Monaco’s economy delivered a timely reminder of its resilience in the first quarter of 2025, as total revenue (excluding financial and insurance activities) surpassed €5 billion for the first time; a 12.3% increase on the previous year…

The quarterly economy bulletin published by IMSEE shows that this growth was driven primarily by scientific and technical activities, with just two economic sectors reporting a decline in turnover.

Monaco’s foreign trade excluding France also grew by 2.1%, with exports surging by €73.5 million (+28.2%) while imports fell, narrowing the trade deficit by €126.5 million. The trade coverage ratio passed 50% for the first time. Notably, trade with the European Union fell below 50% of Monaco’s total trade volume for the first time, while trade with the UK, particularly in works of art and antiques, saw major growth.

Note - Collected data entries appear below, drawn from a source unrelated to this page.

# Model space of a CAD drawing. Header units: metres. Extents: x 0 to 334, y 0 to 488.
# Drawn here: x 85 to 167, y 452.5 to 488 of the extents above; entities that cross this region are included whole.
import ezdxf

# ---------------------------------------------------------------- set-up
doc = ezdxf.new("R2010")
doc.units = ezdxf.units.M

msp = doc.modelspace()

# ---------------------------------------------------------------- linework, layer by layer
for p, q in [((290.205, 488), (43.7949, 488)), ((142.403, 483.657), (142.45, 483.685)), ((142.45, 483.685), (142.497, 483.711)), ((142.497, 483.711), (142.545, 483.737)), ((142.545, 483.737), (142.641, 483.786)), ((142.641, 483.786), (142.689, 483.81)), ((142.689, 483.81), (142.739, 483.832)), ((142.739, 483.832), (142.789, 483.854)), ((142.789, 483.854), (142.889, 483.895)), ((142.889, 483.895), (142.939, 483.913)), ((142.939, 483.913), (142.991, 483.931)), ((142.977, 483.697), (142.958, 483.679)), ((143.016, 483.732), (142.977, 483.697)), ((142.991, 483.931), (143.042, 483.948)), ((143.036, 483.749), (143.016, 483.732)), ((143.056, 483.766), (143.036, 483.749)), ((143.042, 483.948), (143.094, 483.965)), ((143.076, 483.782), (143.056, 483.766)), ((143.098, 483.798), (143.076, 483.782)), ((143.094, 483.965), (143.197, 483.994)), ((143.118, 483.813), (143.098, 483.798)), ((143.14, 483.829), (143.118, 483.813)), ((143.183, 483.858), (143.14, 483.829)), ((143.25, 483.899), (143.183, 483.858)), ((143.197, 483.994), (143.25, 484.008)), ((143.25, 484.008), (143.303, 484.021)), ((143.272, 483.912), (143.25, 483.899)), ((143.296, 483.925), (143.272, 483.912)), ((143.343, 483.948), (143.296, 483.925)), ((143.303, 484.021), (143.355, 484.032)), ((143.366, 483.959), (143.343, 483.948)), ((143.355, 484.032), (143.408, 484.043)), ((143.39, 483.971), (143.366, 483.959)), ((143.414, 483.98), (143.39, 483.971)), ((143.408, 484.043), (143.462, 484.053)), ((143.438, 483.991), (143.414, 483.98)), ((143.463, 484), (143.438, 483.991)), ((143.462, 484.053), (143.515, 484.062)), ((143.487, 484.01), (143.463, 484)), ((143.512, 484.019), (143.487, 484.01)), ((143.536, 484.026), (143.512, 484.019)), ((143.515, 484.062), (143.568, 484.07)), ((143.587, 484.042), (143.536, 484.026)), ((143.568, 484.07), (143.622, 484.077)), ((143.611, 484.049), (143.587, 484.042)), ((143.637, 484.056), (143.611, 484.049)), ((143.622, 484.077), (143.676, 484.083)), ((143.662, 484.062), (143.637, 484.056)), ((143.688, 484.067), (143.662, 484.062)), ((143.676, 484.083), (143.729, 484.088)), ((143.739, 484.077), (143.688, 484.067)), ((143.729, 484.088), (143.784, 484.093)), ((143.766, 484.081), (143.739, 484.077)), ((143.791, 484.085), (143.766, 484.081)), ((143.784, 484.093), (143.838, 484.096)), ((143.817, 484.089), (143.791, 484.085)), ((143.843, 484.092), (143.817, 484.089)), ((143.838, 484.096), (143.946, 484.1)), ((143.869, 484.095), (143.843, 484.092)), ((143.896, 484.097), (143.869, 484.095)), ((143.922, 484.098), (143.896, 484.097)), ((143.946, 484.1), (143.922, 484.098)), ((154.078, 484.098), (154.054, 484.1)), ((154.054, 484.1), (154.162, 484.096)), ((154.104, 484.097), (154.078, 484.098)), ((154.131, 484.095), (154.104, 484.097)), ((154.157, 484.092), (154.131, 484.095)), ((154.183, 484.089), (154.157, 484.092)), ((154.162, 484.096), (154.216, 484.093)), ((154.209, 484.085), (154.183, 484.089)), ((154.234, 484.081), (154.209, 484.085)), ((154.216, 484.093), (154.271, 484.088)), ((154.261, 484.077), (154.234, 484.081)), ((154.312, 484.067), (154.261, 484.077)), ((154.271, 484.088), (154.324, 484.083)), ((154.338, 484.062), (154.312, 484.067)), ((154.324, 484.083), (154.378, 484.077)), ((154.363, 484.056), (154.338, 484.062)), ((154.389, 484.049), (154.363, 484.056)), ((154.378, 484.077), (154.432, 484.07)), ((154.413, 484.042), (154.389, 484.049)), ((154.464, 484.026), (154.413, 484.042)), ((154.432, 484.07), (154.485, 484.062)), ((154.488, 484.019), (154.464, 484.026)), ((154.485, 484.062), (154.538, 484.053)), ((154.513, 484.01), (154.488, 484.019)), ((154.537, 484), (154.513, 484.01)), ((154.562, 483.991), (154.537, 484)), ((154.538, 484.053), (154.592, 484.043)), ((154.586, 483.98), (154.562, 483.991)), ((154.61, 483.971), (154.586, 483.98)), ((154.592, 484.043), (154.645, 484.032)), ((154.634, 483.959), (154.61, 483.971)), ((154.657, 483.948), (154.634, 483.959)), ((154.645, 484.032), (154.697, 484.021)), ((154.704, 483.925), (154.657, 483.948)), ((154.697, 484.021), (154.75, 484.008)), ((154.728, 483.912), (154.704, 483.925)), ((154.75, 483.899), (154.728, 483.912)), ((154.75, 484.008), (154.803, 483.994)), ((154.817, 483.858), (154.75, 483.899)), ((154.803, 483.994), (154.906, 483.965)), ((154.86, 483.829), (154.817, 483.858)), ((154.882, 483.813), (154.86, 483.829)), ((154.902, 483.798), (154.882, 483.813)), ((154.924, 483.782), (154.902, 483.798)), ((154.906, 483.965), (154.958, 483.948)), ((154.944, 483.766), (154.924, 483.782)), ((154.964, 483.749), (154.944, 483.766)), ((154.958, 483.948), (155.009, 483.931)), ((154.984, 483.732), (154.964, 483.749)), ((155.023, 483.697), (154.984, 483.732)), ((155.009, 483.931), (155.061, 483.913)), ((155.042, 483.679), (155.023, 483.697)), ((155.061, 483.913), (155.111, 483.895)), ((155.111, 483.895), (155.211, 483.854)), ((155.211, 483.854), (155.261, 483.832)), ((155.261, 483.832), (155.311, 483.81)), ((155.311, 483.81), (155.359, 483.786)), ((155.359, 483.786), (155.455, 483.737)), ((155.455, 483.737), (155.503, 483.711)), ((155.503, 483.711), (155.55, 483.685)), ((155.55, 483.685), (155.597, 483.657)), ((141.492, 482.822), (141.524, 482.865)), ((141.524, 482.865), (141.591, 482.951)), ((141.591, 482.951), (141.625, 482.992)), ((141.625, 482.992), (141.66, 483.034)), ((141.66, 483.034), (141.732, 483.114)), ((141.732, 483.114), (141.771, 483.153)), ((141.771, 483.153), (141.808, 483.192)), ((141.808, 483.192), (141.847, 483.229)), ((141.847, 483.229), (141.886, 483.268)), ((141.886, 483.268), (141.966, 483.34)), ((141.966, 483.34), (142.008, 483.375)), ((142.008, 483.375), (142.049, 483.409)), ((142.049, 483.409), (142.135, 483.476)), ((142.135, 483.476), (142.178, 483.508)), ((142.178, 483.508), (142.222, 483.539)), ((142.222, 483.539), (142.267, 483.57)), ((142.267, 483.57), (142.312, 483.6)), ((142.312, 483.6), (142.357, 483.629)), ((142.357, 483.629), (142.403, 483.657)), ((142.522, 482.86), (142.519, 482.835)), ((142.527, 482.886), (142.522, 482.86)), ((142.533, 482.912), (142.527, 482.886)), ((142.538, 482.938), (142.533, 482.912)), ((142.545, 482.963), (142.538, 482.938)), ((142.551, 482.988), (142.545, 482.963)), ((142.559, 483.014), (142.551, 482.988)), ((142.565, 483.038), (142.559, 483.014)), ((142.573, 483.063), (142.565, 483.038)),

The Principality’s real estate market set new records. New-build apartment sales, buoyed by deliveries at Mareterra and Bay House, reached €1.9 billion from just 42 transactions: an unprecedented quarterly figure. Resale values also hit a record, rising to €735 million.

Tourism continued to recover, with the hotel occupancy rate reaching 54%, exceeding pre-pandemic levels. Though arrivals dipped slightly, the longer average stay (+5.2%) contributed to a 10.7% increase in occupied rooms.

Private-sector employment declined by 1.3%, mostly due to a sharp drop in temporary work and a downturn in construction jobs. However, new business creation surged, particularly among non-commercial entities.

Meanwhile, car registrations fell by 12.2%, but ecological vehicles now account for 45.5% of new registrations. Public parking usage and helicopter passenger traffic both increased, reflecting robust local and regional mobility.

Overall, the first quarter results show Monaco entering 2025 with positive momentum in trade, real estate, and tourism, despite some pressure on employment.